768 Words Oct 25th, 2015 4 Pages
On 6 August, 1945, President Truman’s decision to utilize an atomic bomb on Hiroshima to end World War II was carried out. The second bombing on Nagasaki was the final assault needed to push Japan into surrender and end the dreaded war; a decision that left President Truman with a feeling of distaste and horror, a decision that very few attempted to sway the presidents’ mind on, and none that were successful (Miller Center 1). However, there was one petition, which if it had reached President Truman in time that could have made the difference in the choices that were made. Leo Szilard 's petition to President Truman, urging him not to use atomic weapons against Japan during WW II, used all three types of persuasive appeals to accurately describe what a rash decision to utilize these weapons would do to the Japanese populace, to the American military in the public eye, and the probable opening of a Pandora 's box across the nations in the use of atomic technology.
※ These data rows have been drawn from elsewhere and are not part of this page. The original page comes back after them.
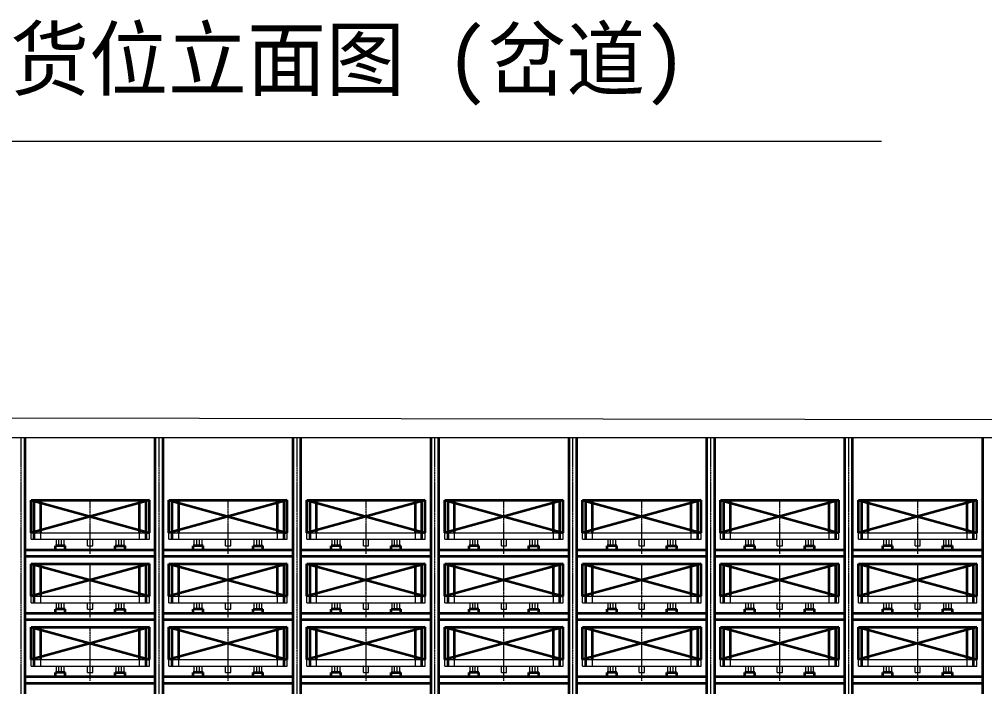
# Model space of a CAD drawing. Header units: millimetres. Extents: x -67280 to 67280, y -47520 to 47520.
# Drawn here: x -13688 to 1152, y 15019 to 25278 of the extents above; entities that cross this region are included whole.
import ezdxf

# ---------------------------------------------------------------- set-up
doc = ezdxf.new("R2010")
doc.units = ezdxf.units.MM
doc.linetypes.add('点画线', pattern=[18, 12, -2, 2, -2])
for name, color, linetype, lineweight in [('ACADCAXA细实线层', 3, 'Continuous', 18), ('EB0', 7, 'Continuous', 35), ('中心线层', 1, '点画线', 18), ('尺寸线层', 4, 'Continuous', 18), ('细实线层', 3, 'Continuous', 18)]:
    doc.layers.add(name, color=color, linetype=linetype, lineweight=lineweight)

msp = doc.modelspace()

# ---------------------------------------------------------------- linework, layer by layer
at = {"layer": 'ACADCAXA细实线层', "color": 2, "linetype": 'Continuous', "lineweight": 18}
for p, q in [((-13507.969, 17384.786), (-11687.969, 17384.786)), ((-11387.969, 17384.786), (-9567.969, 17384.786)), ((-9267.969, 17384.786), (-7447.969, 17384.786)), ((-7147.969, 17384.786), (-5327.969, 17384.786)), ((-5027.969, 17384.786), (-3207.969, 17384.786)), ((-2907.969, 17384.786), (-1087.969, 17384.786)), ((-787.969, 17384.786), (1032.031, 17384.786)), ((-13507.969, 17284.786), (-11687.969, 17284.786)), ((-13117.969, 17184.786), (-13117.969, 17284.786)), ((-13037.969, 17184.786), (-13037.969, 17284.786)), ((-12637.969, 17184.786), (-12637.969, 17284.786)), ((-12557.969, 17184.786), (-12557.969, 17284.786)), ((-12157.969, 17184.786), (-12157.969, 17284.786)), ((-12077.969, 17184.786), (-12077.969, 17284.786)), ((-11387.969, 17284.786), (-9567.969, 17284.786)), ((-10997.969, 17184.786), (-10997.969, 17284.786)), ((-10917.969, 17184.786), (-10917.969, 17284.786)), ((-10517.969, 17184.786), (-10517.969, 17284.786)), ((-10437.969, 17184.786), (-10437.969, 17284.786)), ((-10037.969, 17184.786), (-10037.969, 17284.786)), ((-9957.969, 17184.786), (-9957.969, 17284.786)), ((-9267.969, 17284.786), (-7447.969, 17284.786)), ((-8877.969, 17184.786), (-8877.969, 17284.786)), ((-8797.969, 17184.786), (-8797.969, 17284.786)), ((-8397.969, 17184.786), (-8397.969, 17284.786)), ((-8317.969, 17184.786), (-8317.969, 17284.786)), ((-7917.969, 17184.786), (-7917.969, 17284.786)), ((-7837.969, 17184.786), (-7837.969, 17284.786)), ((-7147.969, 17284.786), (-5327.969, 17284.786)), ((-6757.969, 17184.786), (-6757.969, 17284.786)), ((-6677.969, 17184.786), (-6677.969, 17284.786)), ((-6277.969, 17184.786), (-6277.969, 17284.786)), ((-6197.969, 17184.786), (-6197.969, 17284.786)), ((-5797.969, 17184.786), (-5797.969, 17284.786)), ((-5717.969, 17184.786), (-5717.969, 17284.786)), ((-5027.969, 17284.786), (-3207.969, 17284.786)), ((-4637.969, 17184.786), (-4637.969, 17284.786)), ((-4557.969, 17184.786), (-4557.969, 17284.786)), ((-4157.969, 17184.786), (-4157.969, 17284.786)), ((-4077.969, 17184.786), (-4077.969, 17284.786)), ((-3677.969, 17184.786), (-3677.969, 17284.786)), ((-3597.969, 17184.786), (-3597.969, 17284.786)), ((-2907.969, 17284.786), (-1087.969, 17284.786)), ((-2517.969, 17184.786), (-2517.969, 17284.786)), ((-2437.969, 17184.786), (-2437.969, 17284.786)), ((-2037.969, 17184.786), (-2037.969, 17284.786)), ((-1957.969, 17184.786), (-1957.969, 17284.786)), ((-1557.969, 17184.786), (-1557.969, 17284.786)), ((-1477.969, 17184.786), (-1477.969, 17284.786)), ((-787.969, 17284.786), (1032.031, 17284.786)), ((-397.969, 17184.786), (-397.969, 17284.786)), ((-317.969, 17184.786), (-317.969, 17284.786)), ((82.031, 17184.786), (82.031, 17284.786)), ((162.031, 17184.786), (162.031, 17284.786)), ((562.031, 17184.786), (562.031, 17284.786)), ((642.031, 17184.786), (642.031, 17284.786)), ((-13117.969, 17184.786), (-13037.969, 17184.786)), ((-12637.969, 17184.786), (-12557.969, 17184.786)), ((-12157.969, 17184.786), (-12077.969, 17184.786)), ((-10997.969, 17184.786), (-10917.969, 17184.786)), ((-10517.969, 17184.786), (-10437.969, 17184.786)), ((-10037.969, 17184.786), (-9957.969, 17184.786)), ((-8877.969, 17184.786), (-8797.969, 17184.786)), ((-8397.969, 17184.786), (-8317.969, 17184.786)), ((-7917.969, 17184.786), (-7837.969, 17184.786)), ((-6757.969, 17184.786), (-6677.969, 17184.786)), ((-6277.969, 17184.786), (-6197.969, 17184.786)), ((-5797.969, 17184.786), (-5717.969, 17184.786)), ((-4637.969, 17184.786), (-4557.969, 17184.786)), ((-4157.969, 17184.786), (-4077.969, 17184.786)), ((-3677.969, 17184.786), (-3597.969, 17184.786)), ((-2517.969, 17184.786), (-2437.969, 17184.786)), ((-2037.969, 17184.786), (-1957.969, 17184.786)), ((-1557.969, 17184.786), (-1477.969, 17184.786)), ((-397.969, 17184.786), (-317.969, 17184.786)), ((82.031, 17184.786), (162.031, 17184.786)), ((562.031, 17184.786), (642.031, 17184.786)), ((-13507.969, 16409.786), (-11687.969, 16409.786)), ((-11387.969, 16409.786), (-9567.969, 16409.786)), ((-9267.969, 16409.786), (-7447.969, 16409.786)), ((-7147.969, 16409.786), (-5327.969, 16409.786)), ((-5027.969, 16409.786), (-3207.969, 16409.786)), ((-2907.969, 16409.786), (-1087.969, 16409.786)), ((-787.969, 16409.786), (1032.031, 16409.786)), ((-13507.969, 16309.786), (-11687.969, 16309.786)), ((-13117.969, 16209.786), (-13117.969, 16309.786)), ((-13117.969, 16209.786), (-13037.969, 16209.786)), ((-13037.969, 16209.786), (-13037.969, 16309.786)), ((-12637.969, 16209.786), (-12637.969, 16309.786)), ((-12637.969, 16209.786), (-12557.969, 16209.786)), ((-12557.969, 16209.786), (-12557.969, 16309.786)), ((-12157.969, 16209.786), (-12157.969, 16309.786)), ((-12157.969, 16209.786), (-12077.969, 16209.786)), ((-12077.969, 16209.786), (-12077.969, 16309.786)), ((-11387.969, 16309.786), (-9567.969, 16309.786)), ((-10997.969, 16209.786), (-10997.969, 16309.786)), ((-10997.969, 16209.786), (-10917.969, 16209.786)), ((-10917.969, 16209.786), (-10917.969, 16309.786)), ((-10517.969, 16209.786), (-10517.969, 16309.786)), ((-10517.969, 16209.786), (-10437.969, 16209.786)), ((-10437.969, 16209.786), (-10437.969, 16309.786)), ((-10037.969, 16209.786), (-10037.969, 16309.786)), ((-10037.969, 16209.786), (-9957.969, 16209.786)), ((-9957.969, 16209.786), (-9957.969, 16309.786)), ((-9267.969, 16309.786), (-7447.969, 16309.786)), ((-8877.969, 16209.786), (-8877.969, 16309.786)), ((-8877.969, 16209.786), (-8797.969, 16209.786)), ((-8797.969, 16209.786), (-8797.969, 16309.786)), ((-8397.969, 16209.786), (-8397.969, 16309.786)), ((-8397.969, 16209.786), (-8317.969, 16209.786)), ((-8317.969, 16209.786), (-8317.969, 16309.786)), ((-7917.969, 16209.786), (-7917.969, 16309.786)), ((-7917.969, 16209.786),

Although Szilard’s petition never reached the President’s desk, one could deduce that the heavy use of Logos, along with the tone of the petition, would have been a successful appeal that would, at the very least, challenge the President to look into other means of ending the war. When using Logos in an argument, logic is the key means of persuasion. Szilard uses many examples of Logos throughout his petition which also contained the appropriate tone and language to grab the Presidents attention and show what the…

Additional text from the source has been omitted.